- **Work request**
Only the stretch of the listing below that runs from the line with "Constant1 : Constant" through the line with "Discrete Derivative : simulink/Discrete/Discrete" is to be printed, exactly and with both ends.
[Data for review — start]
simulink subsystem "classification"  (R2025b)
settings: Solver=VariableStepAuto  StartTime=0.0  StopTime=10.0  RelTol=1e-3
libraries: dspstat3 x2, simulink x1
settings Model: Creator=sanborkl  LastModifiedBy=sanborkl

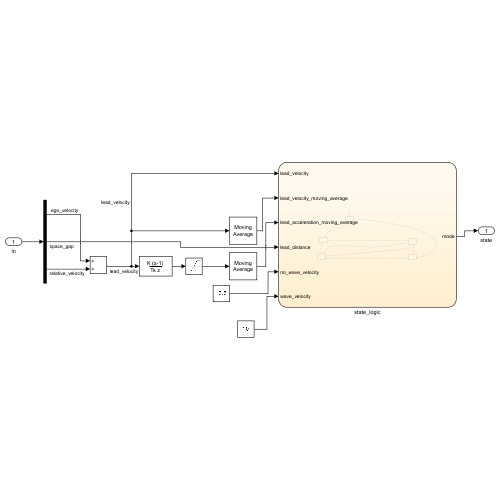
[thumbnail: Simulink's stored preview of the top-level diagram]
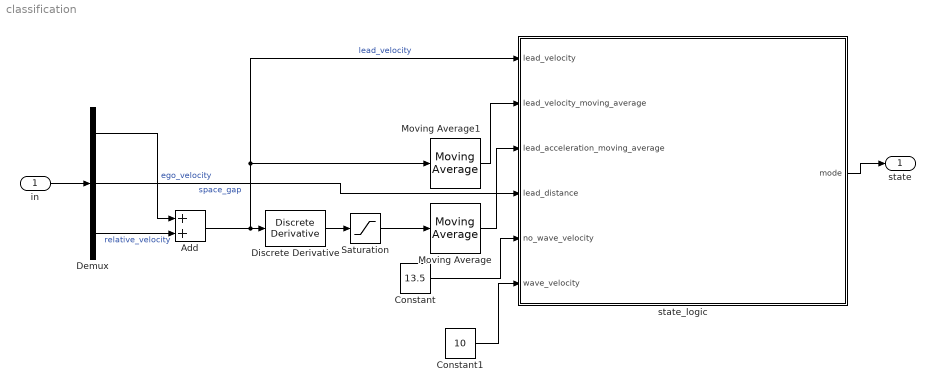
== system classification ==
  in : Inport
  Add : Sum
  Constant : Constant  Value=13.5
  Constant1 : Constant  Value=10
  Demux : Demux  Outputs=3
  Discrete Derivative : simulink/Discrete/Discrete Derivative  gainval=1.0  ICPrevScaledInput=0.0  OutMin=[]  OutMax=[3]  OutDataType=fixdt(1, 16)  OutScaling=2^-10  DoSatur=off
  Moving Average : dspstat3/Moving Average  Method=Sliding window  ForgettingFactorPort=off  SpecifyWindowLength=on  WindowLength=10  OverlapLength=10 - 1  AllowArbitraryInputLength=off  ForgettingFactor=0.9  SimulateUsing=Interpreted execution
  Moving Average1 : dspstat3/Moving Average  Method=Sliding window  ForgettingFactorPort=off  SpecifyWindowLength=on  WindowLength=10  OverlapLength=10 - 1  AllowArbitraryInputLength=off  ForgettingFactor=0.9  SimulateUsing=Interpreted execution
  Saturation : Saturate  UpperLimit=2.0  LowerLimit=-3.5
  state_logic : Stateflow chart  TreatAsAtomicUnit=on
  state : Outport
  wires:
  in/1 -> Demux/1
  Demux/3 -> Add/2  "relative_velocity"
  Demux/1 -> Add/1  "ego_velocity"
  Moving Average/1 -> state_logic/3(lead_acceleration_moving_average)
  state_logic/1(mode) -> state/1
  Moving Average1/1 -> state_logic/2(lead_velocity_moving_average)
  Add/1 -> Discrete Derivative/1, Moving Average1/1, state_logic/1(lead_velocity)  "lead_velocity"
  Discrete Derivative/1 -> Saturation/1
  Saturation/1 -> Moving Average/1
  Demux/2 -> state_logic/4(lead_distance)  "space_gap"
  Constant/1 -> state_logic/5(no_wave_velocity)
  Constant1/1 -> state_logic/6(wave_velocity)

== stateflow chart classification/state_logic ==
  note: 13.5 m/s ~ 30 mph
      | 10 m/s ~ 22 mph
  state intial
  state no_wave
    mode = 0;
  state into_wave
    mode = 1;
  state out_of_wave
    mode = 3;
  state in_wave
    mode = 2;
  (default) -> intial
  intial -> in_wave [order 2] : [lead_velocity <= no_wave_velocity & lead_distance <= 200]
  intial -> no_wave [order 1] : [lead_velocity > no_wave_velocity | lead_distance > 200]
  no_wave -> into_wave : [(lead_acceleration_moving_average < -0.5 & lead_velocity < no_wave_velocity & lead_distance < 200) | (lead_velocity < no_wave_velocity & lead_distance < 75)]
  out_of_wave -> no_wave [order 1] : [lead_velocity_moving_average > no_wave_velocity]
  into_wave -> out_of_wave [order 2] : [lead_acceleration_moving_average >= 0.25]
  out_of_wave -> into_wave [order 2] : [lead_acceleration_moving_average <= -0.25]
  into_wave -> in_wave [order 1] : [lead_velocity_moving_average <= wave_velocity]
  in_wave -> out_of_wave : [lead_acceleration_moving_average > 0.5 & lead_velocity > wave_velocity]
  data: mode output; lead_velocity input; lead_velocity_moving_average input; lead_acceleration_moving_average input; lead_distance input; no_wave_velocity input; wave_velocity input
[Data for review — finish]
- **Response area**
  Constant1 : Constant  Value=10
  Demux : Demux  Outputs=3
  Discrete Derivative : simulink/Discrete/Discrete Derivative  gainval=1.0  ICPrevScaledInput=0.0  OutMin=[]  OutMax=[3]  OutDataType=fixdt(1, 16)  OutScaling=2^-10  DoSatur=off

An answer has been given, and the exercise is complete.